For the full listing below, write out each entry exactly and exclude the images.

[DATASET ENTRIES — start]

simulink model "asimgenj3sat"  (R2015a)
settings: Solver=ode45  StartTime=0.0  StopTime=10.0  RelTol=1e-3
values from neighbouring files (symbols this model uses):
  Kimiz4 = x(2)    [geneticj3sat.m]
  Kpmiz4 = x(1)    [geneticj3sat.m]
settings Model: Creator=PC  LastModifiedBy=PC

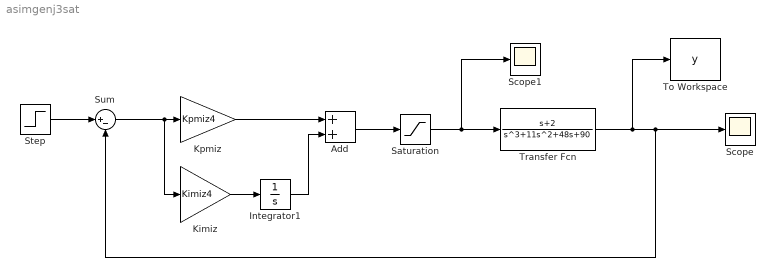
== system asimgenj3sat ==
  Add : Sum
  Integrator1 : Integrator
  Kimiz : Gain  Gain=Kimiz4
  Kpmiz : Gain  Gain=Kpmiz4
  Saturation : Saturate  UpperLimit=90  LowerLimit=0
  Scope : Scope
      settings: TimeRange=10  DataFormat=Structure  MaxDataPoints=20000  Decimation=5
  Scope1 : Scope
  Step : Step  SampleTime=0
  Sum : Sum  Inputs=|+-
  To Workspace : ToWorkspace  VariableName=y  SampleTime=-1
  Transfer Fcn : TransferFcn  Numerator=[1 2]  Denominator=[1 11 48 90]
  wires:
  Sum/1 -> Kpmiz/1, Kimiz/1
  Step/1 -> Sum/1
  Kimiz/1 -> Integrator1/1
  Integrator1/1 -> Add/2
  Kpmiz/1 -> Add/1
  Transfer Fcn/1 -> To Workspace/1, Sum/2, Scope/1
  Add/1 -> Saturation/1
  Saturation/1 -> Scope1/1, Transfer Fcn/1

[DATASET ENTRIES — finish]

• **OUTPUT OF THE EXERCISE**:
simulink model "asimgenj3sat"  (R2015a)
settings: Solver=ode45  StartTime=0.0  StopTime=10.0  RelTol=1e-3
values from neighbouring files (symbols this model uses):
  Kimiz4 = x(2)    [geneticj3sat.m]
  Kpmiz4 = x(1)    [geneticj3sat.m]
settings Model: Creator=PC  LastModifiedBy=PC

== system asimgenj3sat ==
  Add : Sum
  Integrator1 : Integrator
  Kimiz : Gain  Gain=Kimiz4
  Kpmiz : Gain  Gain=Kpmiz4
  Saturation : Saturate  UpperLimit=90  LowerLimit=0
  Scope : Scope
      settings: TimeRange=10  DataFormat=Structure  MaxDataPoints=20000  Decimation=5
  Scope1 : Scope
  Step : Step  SampleTime=0
  Sum : Sum  Inputs=|+-
  To Workspace : ToWorkspace  VariableName=y  SampleTime=-1
  Transfer Fcn : TransferFcn  Numerator=[1 2]  Denominator=[1 11 48 90]
  wires:
  Sum/1 -> Kpmiz/1, Kimiz/1
  Step/1 -> Sum/1
  Kimiz/1 -> Integrator1/1
  Integrator1/1 -> Add/2
  Kpmiz/1 -> Add/1
  Transfer Fcn/1 -> To Workspace/1, Sum/2, Scope/1
  Add/1 -> Saturation/1
  Saturation/1 -> Scope1/1, Transfer Fcn/1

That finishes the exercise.